Subset a data frame (and get a new data frame)

mtcars[mtcars[["cyl"]] == 6 & mtcars[["am"]] == 1, 
       c("mpg", "am", "gear", "cyl")]

mtcars[mtcars$cyl == 6 & mtcars$am == 1, c("mpg", "am", "gear", "cyl")]

subset(mtcars, cyl == 6 & am == 1, c(mpg, am, gear, cyl))

with(mtcars, 
  mtcars[cyl == 6 & am == 1, c("mpg", "am", "gear", "cyl")]
)

So many ways of subsetting … an overview

Extract a variable from a data frame (and get a numeric or character vector)

mtcars[["mpg"]][mtcars[["cyl"]] == 6 & mtcars[["am"]] == 1]

mtcars$mpg[mtcars$cyl == 6 & mtcars$am == 1]

subset(mtcars, cyl == 6 & am == 1, mpg, drop = TRUE)

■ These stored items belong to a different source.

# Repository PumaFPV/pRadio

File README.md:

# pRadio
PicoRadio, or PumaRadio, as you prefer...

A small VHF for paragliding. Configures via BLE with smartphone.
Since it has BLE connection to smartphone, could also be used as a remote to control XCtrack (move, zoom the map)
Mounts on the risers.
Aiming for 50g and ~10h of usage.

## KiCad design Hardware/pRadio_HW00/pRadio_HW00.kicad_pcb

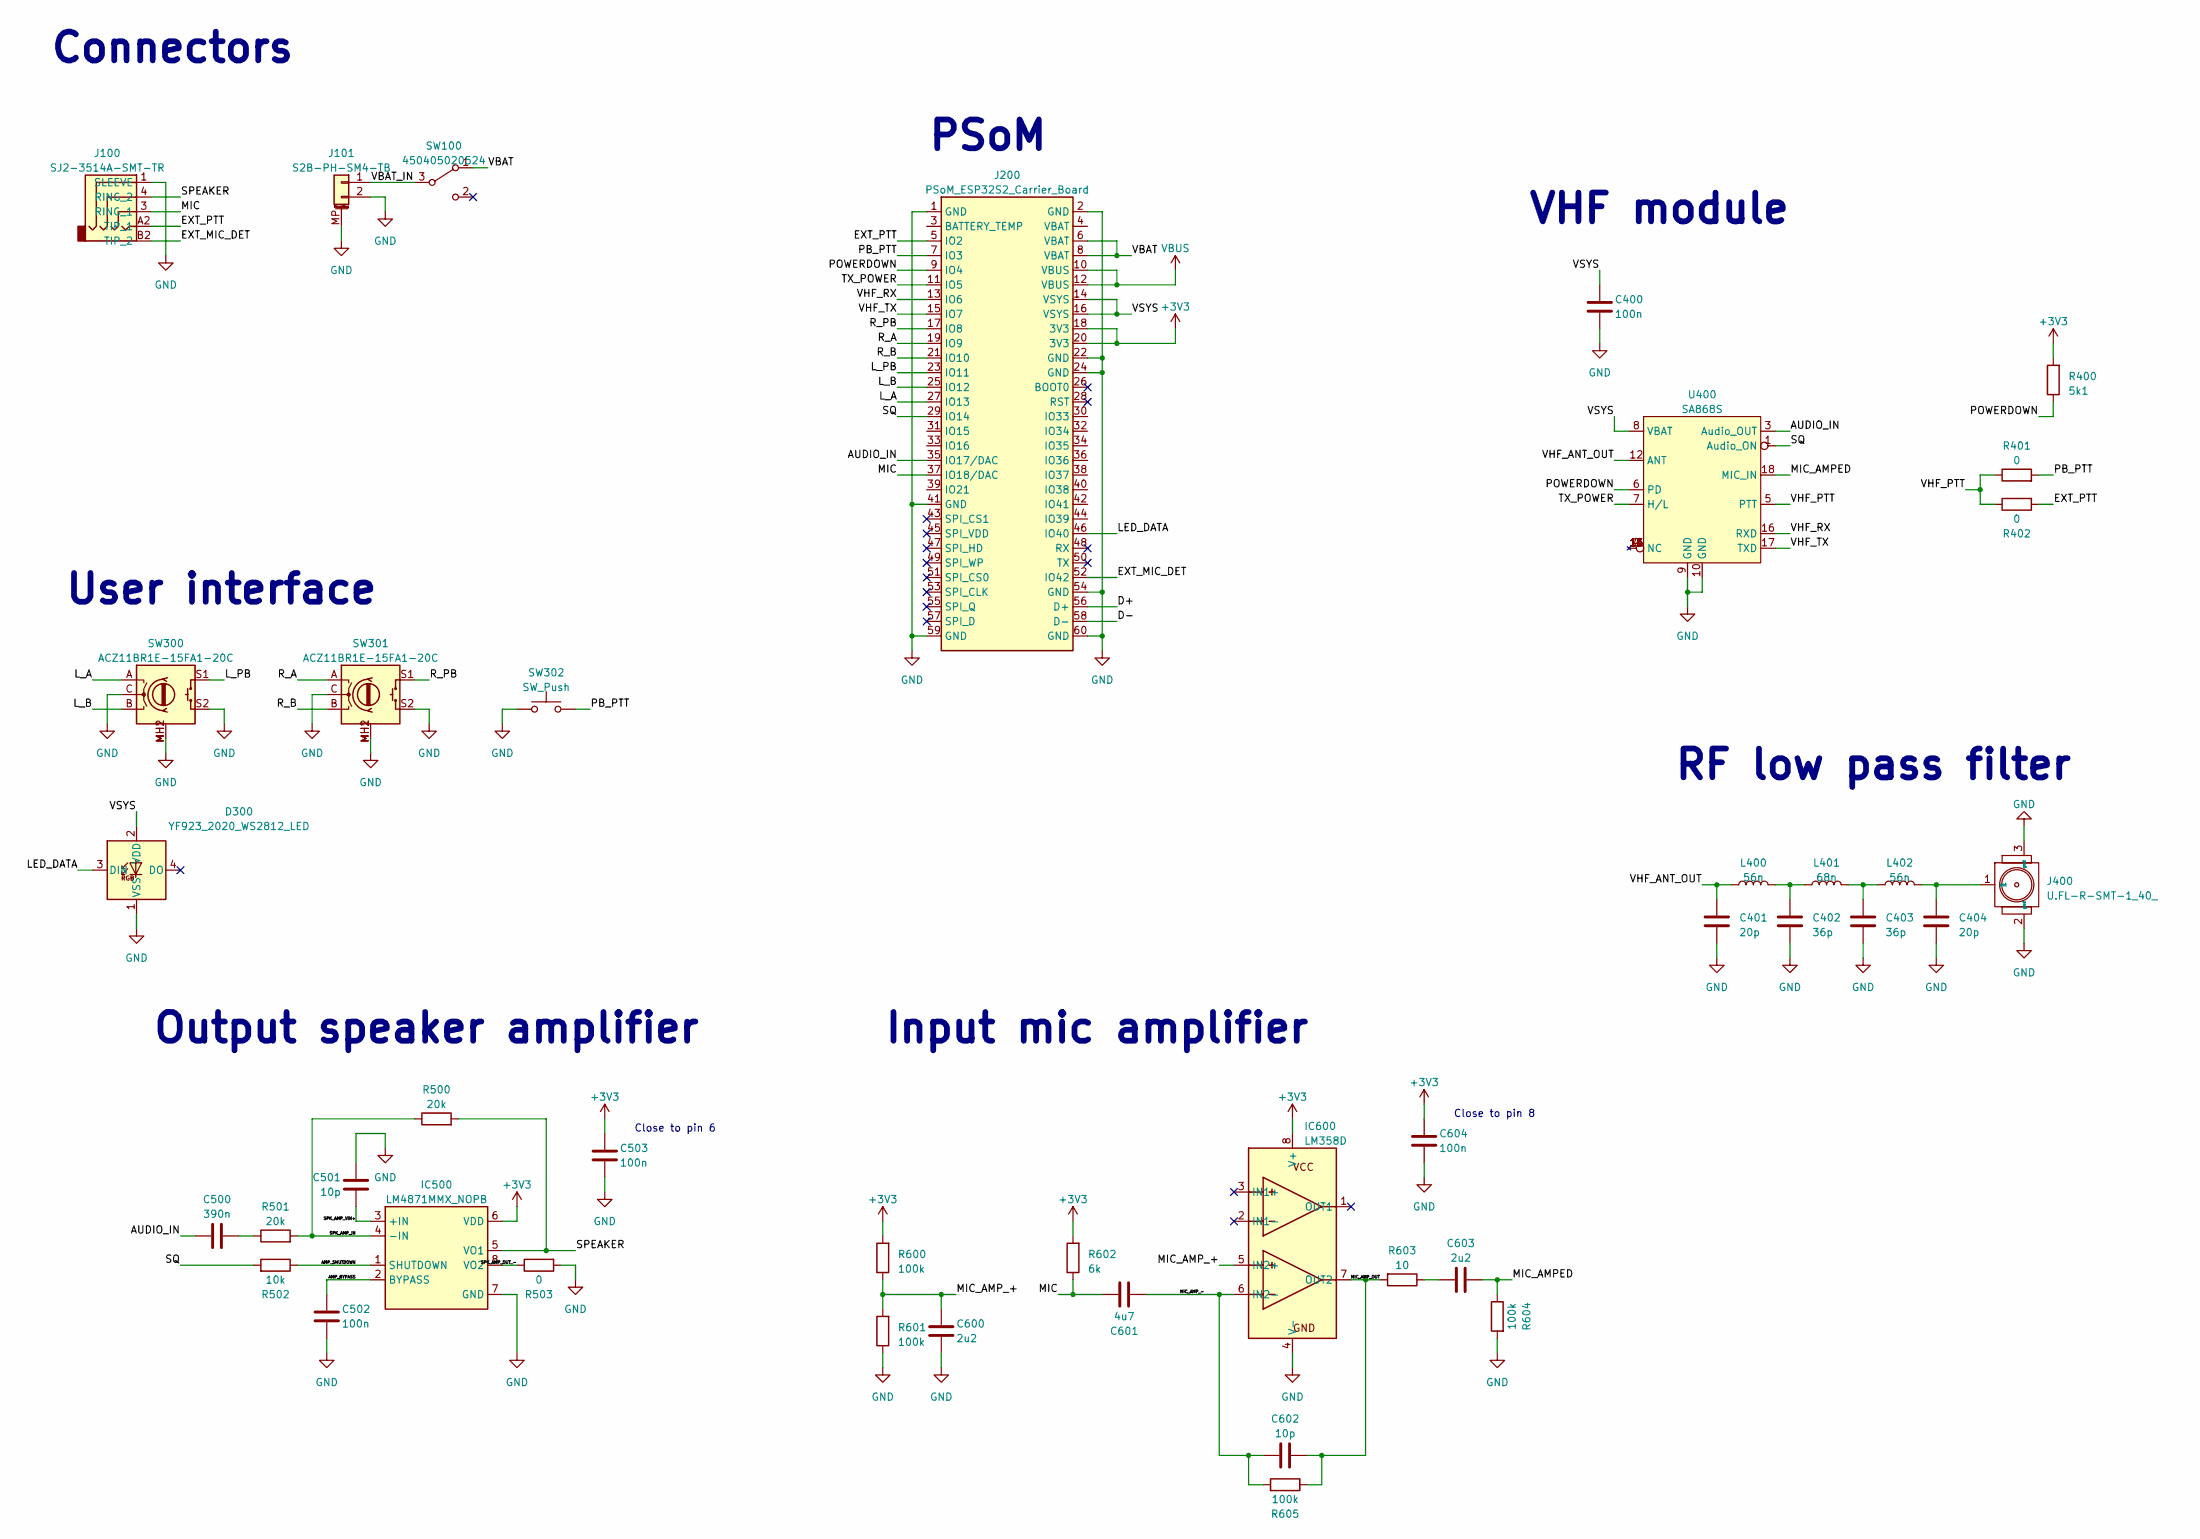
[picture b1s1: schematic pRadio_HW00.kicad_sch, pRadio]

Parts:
C400, C502, C503, C604: 100n; C_0402_1005Metric
C401, C404: 20p; C_0402_1005Metric
C402, C403: 36p; C_0402_1005Metric
C500: 390n; C_0603_1608Metric
C501, C602: 10p; C_0402_1005Metric
C600, C603: 2u2; C_0603_1608Metric
C601: 4u7; C_0603_1608Metric
D300: YF923_2020_WS2812_LED
IC500: LM4871MMX_NOPB; SOP65P490X110-8N; Mouser Part Number 926-LM4871MMX/NOPB
IC600: LM358D; SOIC127P600X175-8N; Mouser Part Number 511-LM358D
J100: SJ2-3514A-SMT-TR; SJ23514ASMTTR; Mouser Part Number 490-SJ2-3514A-SMT-TR
J101: S2B-PH-SM4-TB; JST_PH_S2B-PH-SM4-TB_1x02-1MP_P2.00mm_Horizontal
J200: PSoM_ESP32S2_Carrier_Board; PSoM_ESP32S2_00
J400: U.FL-R-SMT-1_40_; u.fl; Mouser Part Number 798-UFLRSMT140
L400, L402: 56n; L_0402_1005Metric
L401: 68n; L_0402_1005Metric
R400: 5k1; R_0201_0603Metric
R401, R402, R503: 0; R_0201_0603Metric
R500, R501: 20k; R_0201_0603Metric
R502: 10k; R_0201_0603Metric
R600, R601, R604, R605: 100k; R_0402_1005Metric
R602: 6k; R_0402_1005Metric
R603: 10; R_0402_1005Metric
SW100: 450405020524
SW300, SW301: ACZ11BR1E-15FA1-20C; ACZ11BR1E15FA120C
SW302: SW_Push; SW_Kailh_Choc_V1
U400: SA868S; RF818

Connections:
+3V3: C503.2, C604.2, IC500.6 (VDD), IC600.8 (V+), J200.18 (3V3), J200.20 (3V3), R400.2, R600.2, R602.2
/AMP_BYPASS: C502.2, IC500.2 (BYPASS)
/AMP_SHUTDOWN: IC500.1 (SHUTDOWN), R502.1
/AUDIO_IN: C500.1, J200.35 (IO17/DAC), U400.3 (Audio_OUT)
/D+: J200.56 (D+)
/D-: J200.58 (D-)
/EXT_MIC_DET: J100.B2 (TIP_2), J200.52 (IO42)
/EXT_PTT: J100.A2 (TIP_1), J200.5 (IO2), R402.2
/LED_DATA: D300.3 (DIN), J200.46 (IO40)
/L_A: J200.27 (IO13), SW300.A
/L_B: J200.25 (IO12), SW300.B
/L_PB: J200.23 (IO11), SW300.S1
/MIC: C601.1, J100.3 (RING_1), J200.37 (IO18/DAC), R602.1
/MIC_AMPED: C603.2, R604.1, U400.18 (MIC_IN)
/MIC_AMP_+: C600.2, IC600.5 (IN2+), R600.1, R601.2
/MIC_AMP_-: C601.2, C602.1, IC600.6 (IN2-), R605.2
/MIC_AMP_OUT: C602.2, IC600.7 (OUT2), R603.2, R605.1
/PB_PTT: J200.7 (IO3), R401.2, SW302.2
/POWERDOWN: J200.9 (IO4), R400.1, U400.6 (PD)
/R_A: J200.19 (IO9), SW301.A
/R_B: J200.21 (IO10), SW301.B
/R_PB: J200.17 (IO8), SW301.S1
/SPEAKER: IC500.5 (VO1), J100.4 (RING_2), R500.2
/SPK_AMP_IN: IC500.4 (-IN), R500.1, R501.2
/SPK_AMP_OUT_-: IC500.8 (VO2), R503.1
/SPK_AMP_VIN+: C501.1, IC500.3 (+IN)
/SQ: J200.29 (IO14), R502.2, U400.1 (Audio_ON)
/TX_POWER: J200.11 (IO5), U400.7 (H/L)
/VBAT: J200.6 (VBAT), J200.8 (VBAT), SW100.1 (A)
/VBAT_IN: J101.1, SW100.3 (B)
/VHF_ANT_OUT: C401.2, L400.1, U400.12 (ANT)
/VHF_PTT: R401.1, R402.1, U400.5 (PTT)
/VHF_RX: J200.13 (IO6), U400.16 (RXD)
/VHF_TX: J200.15 (IO7), U400.17 (TXD)
/VSYS: C400.2, D300.2 (VDD), J200.14 (VSYS), J200.16 (VSYS), U400.8 (VBAT)
GND: C400.1, C401.1, C402.1, C403.1, C404.1, C501.2, C502.1, C503.1, C600.1, C604.1, D300.1 (VSS), IC500.7 (GND), IC600.4 (V-), J100.1 (SLEEVE), J101.2, J101.MP (MountPin), J200.1 (GND), J200.2 (GND), J200.22 (GND), J200.24 (GND), J200.41 (GND), J200.54 (GND), J200.59 (GND), J200.60 (GND), J400.2 (gnd), J400.3 (gnd), R503.2, R601.1, R604.2, SW300.C, SW300.MH1, SW300.MH2, SW300.S2, SW301.C, SW301.MH1, SW301.MH2, SW301.S2, SW302.1, U400.9 (GND), U400.10 (GND)
unnamed: C402.2, L400.2, L401.1
unnamed: C403.2, L401.2, L402.1
unnamed: C500.2, R501.1
unnamed: C603.1, R603.1
unnamed: C404.2, J400.1 (ant), L402.2
VBUS: J200.10 (VBUS), J200.12 (VBUS)

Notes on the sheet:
User interface
Close to pin 6
PSoM
RF low pass filter
VHF module
Input mic amplifier
Output speaker amplifier
Close to pin 8
Connectors

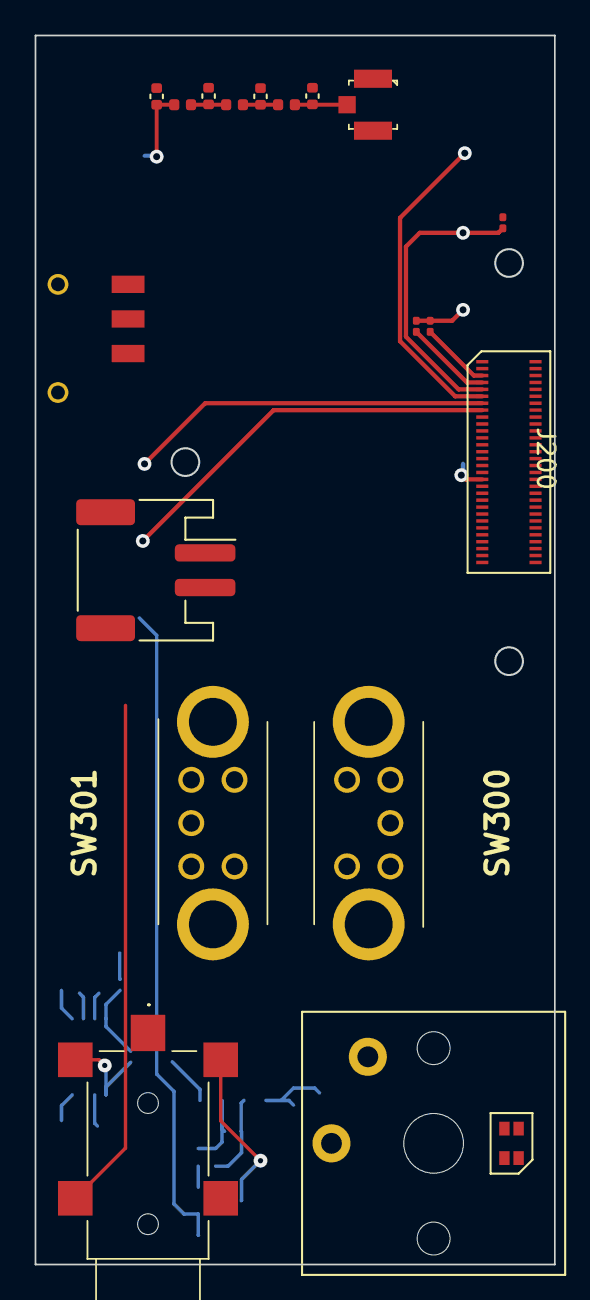
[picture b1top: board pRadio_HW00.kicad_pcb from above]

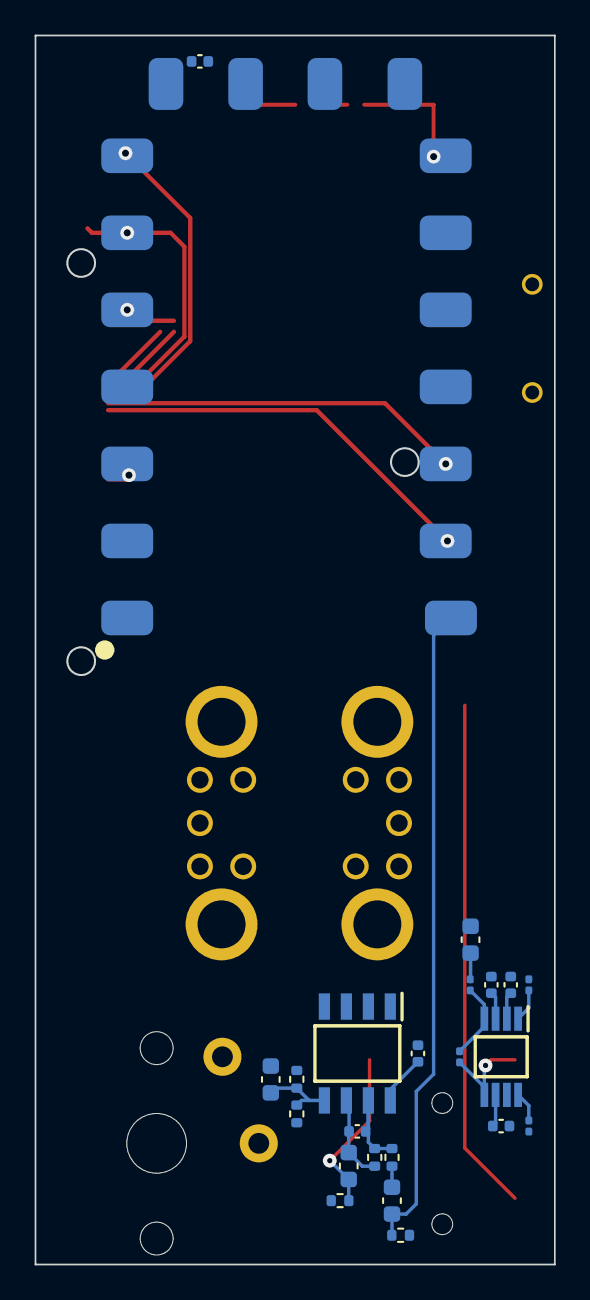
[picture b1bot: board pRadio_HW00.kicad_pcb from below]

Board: 4 copper layers, 30.0 x 71.0 mm, 42 parts (23 on the bottom side), 40 nets.

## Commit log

2024-02-20 Working on layout to see how compact it can get
2024-03-18 Created schematic
2024-03-19 Schematic done
2024-03-23 Working on routing

with(mtcars, mpg[cyl == 6 & am == 1])

Odd behaviour:

For base R data frames this creates a vector:

mtcars[mtcars[["cyl"]] == 6 & mtcars[["am"]] == 1, "mpg"]
[1] 21.0 21.0 19.7

This should have resulted in a data frame with one variable but is automatically reduced to a vector.
Add drop = FALSE to get standard behavior.

mtcars[mtcars[["cyl"]] == 6 & mtcars[["am"]] == 1, "mpg", drop = FALSE]
mpg
Mazda RX4 21.0
Mazda RX4 Wag 21.0
Ferrari Dino 19.7

Some modern implementations of data frames (like tibbles) changed this behavior.